Search code examples
perlshellgrepcomm

how to extract common lines across multiple file?


I have 15 different files that I want have a new file which include only common lines in all of them. for example:

File1:

id1
id2
id3

file2:

id2
id3
id4

file3:
id10
id2
id3

file4

id100
id45
id3
id2

I need the output be like:

newfile:

id2 
id3

I know this command works for each pair of files:

grep -w -f file1 file2 > output

but i need a command to works for more than 2 files.

any suggestion please?


Solution

  • Using grep

    The same trick can be used more than once:

    $ grep -w -f file1 file2 | grep -w -f file3 | grep -w -f file4
    id2
    id3
    

    By the way, if you are looking for exact matches, not a regular expression matches, it is better and faster to use the -F flag:

    $ grep -wFf file1 file2 | grep -wFf file3 | grep -wFf file4
    id2
    id3
    

    Using awk

    $ awk 'FNR==1{nfiles++; delete fseen} !($0 in fseen){fseen[$0]++; seen[$0]++} END{for (key in seen) if (seen[key]==nfiles) print key}' file1 file2 file3 file4
    id3
    id2
    
    • FNR==1{nfiles++; delete fseen}

      Every time that we start reading a new file, we do two things: (1) increment the file counter, nfiles. and (2) delete the array fseen.
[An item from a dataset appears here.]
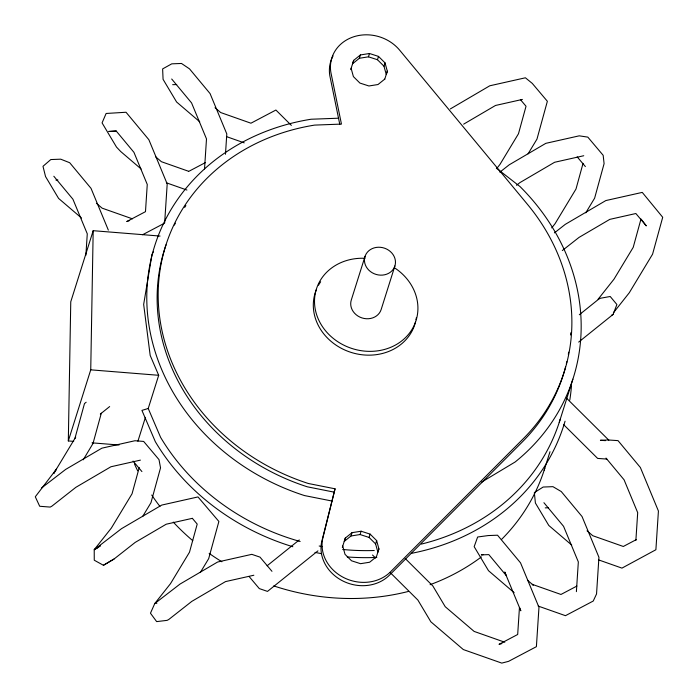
<?xml version="1.0" encoding="UTF-8"?>
<svg xmlns="http://www.w3.org/2000/svg" width="698" height="698" viewBox="0 0 698 698"><rect width="100%" height="100%" fill="white"/><g stroke="black" fill="none" stroke-linecap="round" stroke-linejoin="round"><path stroke-width="1.05" d="M73.709 441.372L68.317 440.935L70.76 301.798L93.183 230.689L160.051 236.064M68.317 440.935L90.74 369.835L93.183 230.689M85.871 255.285L87.276 233.821L72.924 199.218L53.825 176.254M204.531 168.933L206.495 138.919L191.566 102.911L171.691 79.005M225.471 154.258L226.798 133.929L210.063 93.567L189.533 68.884L181.497 63.466L171.76 63.841L162.625 68.91L163.07 79.336L176.603 102.004L199.733 121.784M576.391 591.634L578.337 561.934L563.574 526.336L543.917 502.7M635.878 540.331L637.693 512.655L624.073 479.796L606.012 458.089M335.057 488.809L322.642 538.856A39.184 34.472 17.5 0 0 344.419 577.927A39.184 34.472 17.5 0 0 390.531 571.828L523.413 438.571A209.007 183.853 17.5 0 0 527.522 204.418L399.684 50.204A39.184 34.472 17.5 0 0 353.912 36.715A39.184 34.472 17.5 0 0 330.826 72.182L341.453 124.087L314.632 125.099A209.007 183.853 17.5 0 0 158.193 291.973A209.007 183.853 17.5 0 0 308.35 483.496L335.057 488.809L321.595 542.18A39.184 34.472 17.5 0 0 343.372 581.242A39.184 34.472 17.5 0 0 389.484 575.143L522.366 441.886A209.007 183.853 17.5 0 0 565.572 366.886M74.861 438.641L84.484 403.575L86.159 402.231M139.251 467.529L132.044 493.791L111.348 528.063L94.221 549.701L94.265 560.215L103.426 565.284L114.044 559.019L135.185 542.407L166.22 524.207L192.535 518.291M583.048 163.349L575.998 189.027L555.067 223.692L551.743 227.897M641.008 218.954L633.217 247.345L614.013 279.156L598.107 299.241L599.678 298.386L610.209 296.493L616.901 304.52L613.062 314.449L578.686 342.081M137.907 441.215L145.428 417.36M300.149 541.491A219.451 193.041 17.5 0 1 160.592 437.341L148.229 408.478L158.69 375.297L150.183 355.43L143.666 304.415L151.955 254.596L153.403 251.681M353.685 60.36L352.638 63.684L359.365 58.274L368.448 56.826L377.461 59.723L383.979 66.197L386.264 74.512L387.311 71.196L385.026 62.881L378.508 56.407L369.495 53.502L360.412 54.95L353.685 60.36L350.71 69.626M359.365 58.274L360.412 54.95M368.448 56.826L369.495 53.502M377.461 59.723L378.508 56.407M383.979 66.197L385.026 62.881M365.045 256.393L351.295 300A15.679 13.786 17.5 0 0 361.965 317.922A15.679 13.786 17.5 0 0 381.134 309.607L394.885 265.999A15.679 13.786 17.5 0 0 376.187 247.432A15.679 13.786 17.5 0 0 368.823 270.152A15.679 13.786 17.5 0 0 394.885 265.999M345.301 538.079L344.254 541.395L350.981 535.985L360.072 534.537L369.085 537.443L375.603 543.917L377.88 552.231L378.927 548.907L376.65 540.601L370.132 534.127L361.119 531.222L352.028 532.67L345.301 538.079L342.334 547.337M350.981 535.985L352.028 532.67M360.072 534.537L361.119 531.222M369.085 537.443L370.132 534.127M375.603 543.917L376.65 540.601M544.17 470.208L549.998 451.719M559.264 422.325L572.866 379.189M384.659 79.459L387.311 71.196M376.283 557.179L378.927 548.907M75.716 437.105L53.798 473.41L56.521 469.012L35.293 496.775L39.69 506.268L50.186 507.08L51.896 506.155L75.855 487.326L110.93 466.761L140.411 460.13M83.228 459.799L92.991 443.518L101.289 413.277L100.329 414.062L109.656 406.568M142.575 516.607L150.96 502.717L160.531 467.869L159.013 459.633L143.657 441.433L134.932 440.743L101.882 448.168L65.664 469.414L41.4 488.111M200.282 572.552L208.676 558.653L218.884 521.458L197.979 496.932L161.753 505.073L121.496 528.683L94.221 549.701L100.591 545.888M528.054 153.874L536.98 139.094L547.363 101.28L532.269 83.394L525.402 77.792L489.769 85.793L450.323 108.932M585.77 212.829L594.626 198.162L604.093 163.672L603.177 155.322L587.829 137.122L579.227 135.831L545.836 143.334L509.217 164.807L499.838 172.179M496.644 168.611L499.969 164.414L518.483 133.746L526.03 106.253L520.438 99.622M613.402 312.826L629.264 292.785L652.569 254.194L662.707 217.279L642.256 192.395L605.829 200.57L565.267 224.363L554.448 232.87M384.746 79.118L378.011 84.528L368.928 85.976L359.915 83.071L353.397 76.597L351.111 68.282M267.133 565.773L299.268 539.938M579.34 314.737L599.678 298.386M317.93 550.87L267.5 591.407L259.29 588.589L249.073 576.478M376.362 556.83L369.635 562.239L360.543 563.687L351.539 560.791L345.013 554.317L342.735 546.002M516.529 185.275L519.914 182.614L554.596 162.276L583.746 155.733M562.3 250.556L579.026 237.407L609.764 219.381L635.869 213.518L646.296 225.882L641.671 219.826M95.914 548.785L98.549 547.206M481.367 482.274L515.124 461.997A219.451 193.041 17.5 0 0 519.958 186.514L496.357 168.148M103.426 565.284L114.044 559.019M463.655 124.148L495.501 105.468L522.409 99.421M611.422 315.339L613.062 314.449M188.608 171.446L205.413 162.59M142.601 234.737L164.632 223.116L167.197 183.932L148.857 139.696L126.033 112.256L106.122 113.469L102.074 122.9L116.514 147.095L120.71 151.527L141.127 168.986M636.367 539.589L623.314 546.473L592.768 535.715L587.044 530.82M576.88 586.067L560.965 594.46L532.234 584.339L533.289 585.168L527.487 580.213M129.627 220.542L126.748 221.545L145.481 211.668L147.261 184.464L133.937 152.33L116.348 131.18L108.748 131.468L116.243 130.866M148.229 408.478L141.93 410.398L155.322 441.668A224.677 197.639 17.5 0 0 292.82 546.726M501.932 643.582L499.018 644.333L517.689 634.482L519.46 607.426L520.813 610.794L504.733 572.002L506.242 575.545L488.818 554.605L481.297 554.893L483.426 554.596M253.854 575.239L225.515 581.6L191.828 601.362L168.794 619.466L167.145 620.356L156.649 621.613L150.463 613.202L154.773 603.534L170.487 583.676L189.49 552.205L197.202 524.085L192.535 518.553M156.867 603.281L154.773 603.534L180.005 584.078L217.61 562.021L251.812 554.343L259.996 557.126L271.967 571.313M172.659 84.694L176.699 84.537M55.936 180.067L57.899 179.988M545.251 507.874L548.253 507.751M338.521 118.206L311.072 119.236A219.451 193.041 17.5 0 0 146.807 294.46A219.451 193.041 17.5 0 0 304.468 495.563L331.812 500.998M605.524 440.647L600.42 440.281L608.281 439.976L618.018 440.63L640.38 467.512L658.423 511.023L655.893 549.736L621.953 568.12L598.614 559.901M606.824 459.083L597.636 458.411L563.609 424.62M90.74 369.835L158.69 375.297M92.049 442.846L119.018 445.01M334.01 492.125L307.303 486.811A209.007 183.853 17.5 0 1 166.045 244.832M226.841 136.738L244.221 142.863M188.504 171.254L161.395 161.7L155.654 156.797M166.351 182.797L186.916 190.039M132.446 218.84L102.109 208.152L96.394 203.266M538.193 606.073L565.459 615.68L593.239 601.03L596.537 593.981L598.936 557.292L582.036 516.52L561.279 491.567L552.938 486.663L543.149 487.038L534.345 492.605L535.401 503.022L548.794 525.463L571.723 545.068M504.802 642.23L474.134 631.42L445.219 606.702L432.821 585.927L405.233 558.531M215.028 107.71L220.681 112.544L250.931 123.206L275.902 110.04L291.371 125.387M81.535 218.038L58.588 198.415L45.545 176.568L42.988 166.316L50.806 159.554L60.717 159.179L69.704 162.73L91.028 188.355L108.338 230.113M514.129 592.672L488.495 570.685L474.169 546.665L477.641 537.006L488.26 535.558L497.534 535.209L520.534 562.85L538.969 607.33L536.396 646.671L508.563 661.355L501.766 663.1L463.324 649.559L430.858 621.805L417.893 600.071L390.208 572.578M566.348 398L608.831 440.185M372.523 555.015L375.594 558.068M577.185 156.867L585.369 166.569M133.056 461.064L141.921 471.569M339.778 124.34L329.779 75.497A39.184 34.472 17.5 0 1 333.042 55.962M565.057 421.191A224.677 197.639 17.5 0 1 411.305 553.366M376.824 557.414A224.677 197.639 17.5 0 1 347.211 556.943M321.438 553.636A224.677 197.639 17.5 0 1 314.99 552.38M571.453 386.081A224.677 197.639 17.5 0 1 569.786 400.094M544.806 468.175A219.451 193.041 17.5 0 1 501.731 539.257M481.384 556.925A219.451 193.041 17.5 0 1 430.081 584.697M408.409 591.433A219.451 193.041 17.5 0 1 273.729 585.91M221.885 561.777A219.451 193.041 17.5 0 1 209.147 553.366M192.753 540.671A219.451 193.041 17.5 0 1 173.27 522.104M159.912 506.39A219.451 193.041 17.5 0 1 151.728 495.048M137.672 470.792A219.451 193.041 17.5 0 1 134.426 463.856M560.215 419.28A219.451 193.041 17.5 0 1 421.391 544.082M374.241 550.504A219.451 193.041 17.5 0 1 342.709 549.474M322.38 546.621A219.451 193.041 17.5 0 1 319.178 546.01M394.527 267.823A52.254 45.963 17.5 0 1 398.296 343.355A52.254 45.963 17.5 0 1 317.581 317.363A52.254 45.963 17.5 0 1 364.967 258.295M415.572 321.734A52.254 45.963 17.5 0 1 350.85 352.324A52.254 45.963 17.5 0 1 316.316 289.766M318.506 285.22A52.254 45.963 17.5 0 1 320.652 281.809M416.331 317.773A52.254 45.963 17.5 0 1 415.999 319.763M174.378 225.079A209.007 183.853 17.5 0 1 175.355 223.159M184.673 207.411A209.007 183.853 17.5 0 1 185.877 205.64M570.676 332.833A209.007 183.853 17.5 0 1 570.563 334.988M568.687 352.167A209.007 183.853 17.5 0 1 568.32 354.296M566.837 361.686A209.007 183.853 17.5 0 1 566.348 363.78"/></g></svg>

    • !($0 in fseen){fseen[$0]; seen[$0]++}

      If the current line is not a key in fseen, then add it to fseen and increment the count for this line in seen.

    • END{for (key in seen) if (seen[key]==nfiles) print key}

      After we have read the last line of the last file, we look at every key in seen. If the count for that key is equal to the number of files that we have read, nfiles, then we print that key.